September 8, 2009

  • Back-to-School Special:

    Froebel's   
    Magic Box  
     
    Box containing Froebel's Third Gift-- The Eightfold Cube
     
     Continued from Dec. 7, 2008,
    and from yesterday.

    Non-Euclidean
    Blocks

    Passages from a classic story:

    ... he took from his pocket a gadget he had found in the box, and began to unfold it. The result resembled a tesseract, strung with beads....

    Tesseract
     Tesseract

    "Your mind has been conditioned to Euclid," Holloway said. "So this-- thing-- bores us, and seems pointless. But a child knows nothing of Euclid. A different sort of geometry from ours wouldn't impress him as being illogical. He believes what he sees."

    "Are you trying to tell me that this gadget's got a fourth dimensional extension?" Paradine demanded.
     
    "Not visually, anyway," Holloway denied. "All I say is that our minds, conditioned to Euclid, can see nothing in this but an illogical tangle of wires. But a child-- especially a baby-- might see more. Not at first. It'd be a puzzle, of course. Only a child wouldn't be handicapped by too many preconceived ideas."

    "Hardening of the thought-arteries," Jane interjected.

    Paradine was not convinced. "Then a baby could work calculus better than Einstein? No, I don't mean that. I can see your point, more or less clearly. Only--"

    "Well, look. Let's suppose there are two kinds of geometry-- we'll limit it, for the sake of the example. Our kind, Euclidean, and another, which we'll call x. X hasn't much relationship to Euclid. It's based on different theorems. Two and two needn't equal four in it; they could equal y, or they might not even equal. A baby's mind is not yet conditioned, except by certain questionable factors of heredity and environment. Start the infant on Euclid--"

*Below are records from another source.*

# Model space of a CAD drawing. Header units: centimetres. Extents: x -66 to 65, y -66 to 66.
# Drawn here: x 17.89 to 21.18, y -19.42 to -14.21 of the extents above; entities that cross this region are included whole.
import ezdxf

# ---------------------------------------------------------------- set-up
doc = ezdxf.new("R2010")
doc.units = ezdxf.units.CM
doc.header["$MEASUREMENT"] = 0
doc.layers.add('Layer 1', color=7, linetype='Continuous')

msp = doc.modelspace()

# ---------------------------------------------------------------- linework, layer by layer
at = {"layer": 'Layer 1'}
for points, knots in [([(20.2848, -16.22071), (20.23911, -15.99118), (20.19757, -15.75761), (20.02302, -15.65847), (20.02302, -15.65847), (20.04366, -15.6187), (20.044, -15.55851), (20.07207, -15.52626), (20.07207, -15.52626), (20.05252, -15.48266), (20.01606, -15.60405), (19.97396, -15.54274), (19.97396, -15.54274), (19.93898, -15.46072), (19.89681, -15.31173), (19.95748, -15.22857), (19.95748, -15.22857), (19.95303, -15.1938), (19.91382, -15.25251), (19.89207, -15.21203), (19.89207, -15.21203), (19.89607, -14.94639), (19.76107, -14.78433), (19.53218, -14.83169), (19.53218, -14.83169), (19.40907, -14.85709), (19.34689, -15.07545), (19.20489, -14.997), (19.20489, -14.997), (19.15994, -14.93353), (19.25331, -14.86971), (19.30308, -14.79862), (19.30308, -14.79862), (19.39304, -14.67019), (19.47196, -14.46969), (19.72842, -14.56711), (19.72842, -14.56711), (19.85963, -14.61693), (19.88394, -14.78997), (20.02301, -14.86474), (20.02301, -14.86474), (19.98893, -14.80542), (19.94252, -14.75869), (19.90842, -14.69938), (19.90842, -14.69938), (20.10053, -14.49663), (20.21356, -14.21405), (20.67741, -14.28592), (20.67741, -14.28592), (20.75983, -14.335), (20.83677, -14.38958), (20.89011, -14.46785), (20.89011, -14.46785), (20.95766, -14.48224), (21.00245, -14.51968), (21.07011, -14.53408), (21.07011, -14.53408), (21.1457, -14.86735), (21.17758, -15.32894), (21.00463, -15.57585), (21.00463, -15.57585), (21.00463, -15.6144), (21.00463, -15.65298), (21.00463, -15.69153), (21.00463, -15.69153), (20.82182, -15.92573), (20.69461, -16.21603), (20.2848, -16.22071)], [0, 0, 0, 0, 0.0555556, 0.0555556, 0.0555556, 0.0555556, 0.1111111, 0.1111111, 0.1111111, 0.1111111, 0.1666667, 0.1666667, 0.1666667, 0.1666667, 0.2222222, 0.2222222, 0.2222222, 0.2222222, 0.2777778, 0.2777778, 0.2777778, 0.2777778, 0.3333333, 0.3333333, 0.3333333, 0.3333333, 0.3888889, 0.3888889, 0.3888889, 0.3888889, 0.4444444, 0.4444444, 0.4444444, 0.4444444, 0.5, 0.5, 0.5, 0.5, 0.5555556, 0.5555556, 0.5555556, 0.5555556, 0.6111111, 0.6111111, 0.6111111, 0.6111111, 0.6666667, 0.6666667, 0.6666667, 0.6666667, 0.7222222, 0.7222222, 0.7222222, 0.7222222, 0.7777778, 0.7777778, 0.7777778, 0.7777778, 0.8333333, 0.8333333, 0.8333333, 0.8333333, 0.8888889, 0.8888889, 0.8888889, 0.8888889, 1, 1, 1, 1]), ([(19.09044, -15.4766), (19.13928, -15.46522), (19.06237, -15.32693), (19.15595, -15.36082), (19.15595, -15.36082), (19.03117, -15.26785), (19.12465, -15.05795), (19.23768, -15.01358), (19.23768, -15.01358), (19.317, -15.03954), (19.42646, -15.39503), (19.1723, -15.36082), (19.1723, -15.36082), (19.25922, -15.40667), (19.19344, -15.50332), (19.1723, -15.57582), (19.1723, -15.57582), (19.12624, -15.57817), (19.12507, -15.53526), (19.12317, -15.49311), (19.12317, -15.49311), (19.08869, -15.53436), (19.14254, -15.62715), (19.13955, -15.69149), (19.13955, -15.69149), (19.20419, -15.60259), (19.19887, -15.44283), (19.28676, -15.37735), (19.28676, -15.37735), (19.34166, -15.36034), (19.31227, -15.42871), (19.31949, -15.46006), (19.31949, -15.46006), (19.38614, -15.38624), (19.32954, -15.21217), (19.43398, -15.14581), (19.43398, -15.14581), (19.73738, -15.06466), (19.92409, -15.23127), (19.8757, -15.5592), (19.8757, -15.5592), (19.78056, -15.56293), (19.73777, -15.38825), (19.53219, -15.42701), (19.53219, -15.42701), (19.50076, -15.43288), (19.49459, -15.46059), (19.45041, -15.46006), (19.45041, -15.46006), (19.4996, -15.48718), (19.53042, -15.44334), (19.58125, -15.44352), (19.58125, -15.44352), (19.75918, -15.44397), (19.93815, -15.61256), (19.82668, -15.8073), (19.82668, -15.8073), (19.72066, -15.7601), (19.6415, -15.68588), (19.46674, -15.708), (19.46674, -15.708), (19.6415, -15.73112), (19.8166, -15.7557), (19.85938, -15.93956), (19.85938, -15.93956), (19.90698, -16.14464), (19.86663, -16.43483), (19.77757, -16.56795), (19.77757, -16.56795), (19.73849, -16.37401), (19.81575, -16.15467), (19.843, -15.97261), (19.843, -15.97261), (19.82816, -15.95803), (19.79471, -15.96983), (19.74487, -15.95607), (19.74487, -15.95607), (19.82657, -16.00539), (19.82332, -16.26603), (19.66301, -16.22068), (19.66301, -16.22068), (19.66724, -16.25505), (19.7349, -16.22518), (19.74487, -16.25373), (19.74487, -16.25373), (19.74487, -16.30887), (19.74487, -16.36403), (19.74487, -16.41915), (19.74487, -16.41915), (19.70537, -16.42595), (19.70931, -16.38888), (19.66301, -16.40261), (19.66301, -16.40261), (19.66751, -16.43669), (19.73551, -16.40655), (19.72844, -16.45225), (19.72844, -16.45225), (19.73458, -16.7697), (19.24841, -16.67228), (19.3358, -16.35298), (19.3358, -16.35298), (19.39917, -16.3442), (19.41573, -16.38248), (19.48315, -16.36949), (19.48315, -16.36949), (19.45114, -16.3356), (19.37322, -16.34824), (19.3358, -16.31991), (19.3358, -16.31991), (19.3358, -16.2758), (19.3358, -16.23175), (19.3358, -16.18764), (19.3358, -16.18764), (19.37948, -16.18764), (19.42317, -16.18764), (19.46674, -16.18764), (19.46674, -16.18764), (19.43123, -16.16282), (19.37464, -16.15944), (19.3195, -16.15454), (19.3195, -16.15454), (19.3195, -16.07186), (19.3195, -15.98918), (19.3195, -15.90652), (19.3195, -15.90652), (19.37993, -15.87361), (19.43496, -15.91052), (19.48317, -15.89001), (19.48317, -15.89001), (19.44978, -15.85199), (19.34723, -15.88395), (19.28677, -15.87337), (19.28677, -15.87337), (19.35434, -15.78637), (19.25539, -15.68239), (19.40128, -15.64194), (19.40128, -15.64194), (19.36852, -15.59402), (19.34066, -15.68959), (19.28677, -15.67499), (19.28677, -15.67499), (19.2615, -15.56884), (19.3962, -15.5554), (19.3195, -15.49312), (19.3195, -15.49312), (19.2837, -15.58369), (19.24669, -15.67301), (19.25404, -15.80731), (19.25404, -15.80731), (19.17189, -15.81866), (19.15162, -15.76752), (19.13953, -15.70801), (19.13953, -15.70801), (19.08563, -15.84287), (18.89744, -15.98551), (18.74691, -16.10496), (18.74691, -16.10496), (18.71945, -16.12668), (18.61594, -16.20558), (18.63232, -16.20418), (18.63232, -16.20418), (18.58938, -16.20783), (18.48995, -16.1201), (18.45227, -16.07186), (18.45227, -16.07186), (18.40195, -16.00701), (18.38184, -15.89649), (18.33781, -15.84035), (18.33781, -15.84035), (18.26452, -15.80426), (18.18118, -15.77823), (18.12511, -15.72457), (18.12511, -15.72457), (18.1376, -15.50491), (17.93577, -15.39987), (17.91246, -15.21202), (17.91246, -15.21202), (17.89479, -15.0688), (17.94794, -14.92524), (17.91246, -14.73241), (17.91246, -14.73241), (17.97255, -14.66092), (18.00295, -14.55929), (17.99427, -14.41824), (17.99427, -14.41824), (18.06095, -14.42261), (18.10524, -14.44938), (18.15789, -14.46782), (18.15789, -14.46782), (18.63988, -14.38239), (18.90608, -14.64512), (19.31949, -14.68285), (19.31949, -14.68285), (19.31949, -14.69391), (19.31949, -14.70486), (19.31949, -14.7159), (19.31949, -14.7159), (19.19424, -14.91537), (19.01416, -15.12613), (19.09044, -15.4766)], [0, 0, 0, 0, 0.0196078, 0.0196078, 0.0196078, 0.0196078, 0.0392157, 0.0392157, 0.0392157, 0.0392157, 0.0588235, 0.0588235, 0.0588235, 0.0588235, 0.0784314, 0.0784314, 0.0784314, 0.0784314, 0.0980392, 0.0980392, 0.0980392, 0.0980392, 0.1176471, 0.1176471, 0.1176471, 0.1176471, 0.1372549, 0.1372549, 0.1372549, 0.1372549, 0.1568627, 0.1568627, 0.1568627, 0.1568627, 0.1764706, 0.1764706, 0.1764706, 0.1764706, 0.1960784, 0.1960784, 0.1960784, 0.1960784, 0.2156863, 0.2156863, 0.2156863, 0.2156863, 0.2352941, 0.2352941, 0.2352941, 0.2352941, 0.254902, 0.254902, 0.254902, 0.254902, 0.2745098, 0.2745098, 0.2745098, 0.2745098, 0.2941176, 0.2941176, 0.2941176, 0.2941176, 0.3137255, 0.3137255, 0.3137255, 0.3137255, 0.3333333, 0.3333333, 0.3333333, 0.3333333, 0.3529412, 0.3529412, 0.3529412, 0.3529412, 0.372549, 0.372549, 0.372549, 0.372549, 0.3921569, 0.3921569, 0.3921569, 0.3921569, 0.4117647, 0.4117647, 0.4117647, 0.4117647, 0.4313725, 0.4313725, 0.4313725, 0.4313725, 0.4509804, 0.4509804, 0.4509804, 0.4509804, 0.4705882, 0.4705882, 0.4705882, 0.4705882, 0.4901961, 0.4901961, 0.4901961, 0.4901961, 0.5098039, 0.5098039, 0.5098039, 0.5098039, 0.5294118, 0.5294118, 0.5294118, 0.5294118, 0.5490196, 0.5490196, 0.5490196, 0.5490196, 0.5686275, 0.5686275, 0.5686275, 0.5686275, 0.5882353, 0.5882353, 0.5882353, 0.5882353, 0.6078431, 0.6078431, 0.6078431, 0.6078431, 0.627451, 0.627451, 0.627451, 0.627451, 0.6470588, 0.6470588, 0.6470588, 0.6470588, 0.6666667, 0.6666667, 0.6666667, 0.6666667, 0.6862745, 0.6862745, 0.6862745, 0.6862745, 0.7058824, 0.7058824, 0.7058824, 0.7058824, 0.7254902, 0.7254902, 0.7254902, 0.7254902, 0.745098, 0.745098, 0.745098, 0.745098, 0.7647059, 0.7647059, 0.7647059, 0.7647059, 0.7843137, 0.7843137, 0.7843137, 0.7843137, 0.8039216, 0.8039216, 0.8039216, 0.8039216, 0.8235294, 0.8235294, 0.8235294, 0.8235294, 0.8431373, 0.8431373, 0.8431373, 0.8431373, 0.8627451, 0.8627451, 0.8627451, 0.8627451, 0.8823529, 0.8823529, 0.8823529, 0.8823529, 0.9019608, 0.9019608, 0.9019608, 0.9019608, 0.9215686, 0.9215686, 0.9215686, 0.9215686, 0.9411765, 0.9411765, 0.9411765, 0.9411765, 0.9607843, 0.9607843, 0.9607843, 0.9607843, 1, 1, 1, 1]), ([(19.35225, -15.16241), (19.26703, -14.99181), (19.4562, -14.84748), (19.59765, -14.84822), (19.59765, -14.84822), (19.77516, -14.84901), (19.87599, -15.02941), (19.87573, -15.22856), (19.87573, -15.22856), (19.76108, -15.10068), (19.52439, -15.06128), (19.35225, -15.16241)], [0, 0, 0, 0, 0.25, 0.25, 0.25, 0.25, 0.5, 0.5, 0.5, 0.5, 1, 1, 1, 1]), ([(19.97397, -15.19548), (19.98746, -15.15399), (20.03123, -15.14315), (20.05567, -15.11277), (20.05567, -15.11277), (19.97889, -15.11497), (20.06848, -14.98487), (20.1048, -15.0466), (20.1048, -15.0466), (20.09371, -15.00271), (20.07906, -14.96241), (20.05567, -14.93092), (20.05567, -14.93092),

    "Poor kid," Jane said.

    Holloway shot her a quick glance. "The basis of Euclid. Alphabet blocks. Math, geometry, algebra-- they come much later. We're familiar with that development. On the other hand, start the baby with the basic principles of our x logic--"

    "Blocks? What kind?"

    Holloway looked at the abacus. "It wouldn't make much sense to us. But we've been conditioned to Euclid."

    -- "Mimsy Were the Borogoves," Lewis Padgett, 1943


    Padgett (pseudonym of a husband-and-wife writing team) says that alphabet blocks are the intuitive "basis of Euclid." Au contraire; they are the basis of Gutenberg.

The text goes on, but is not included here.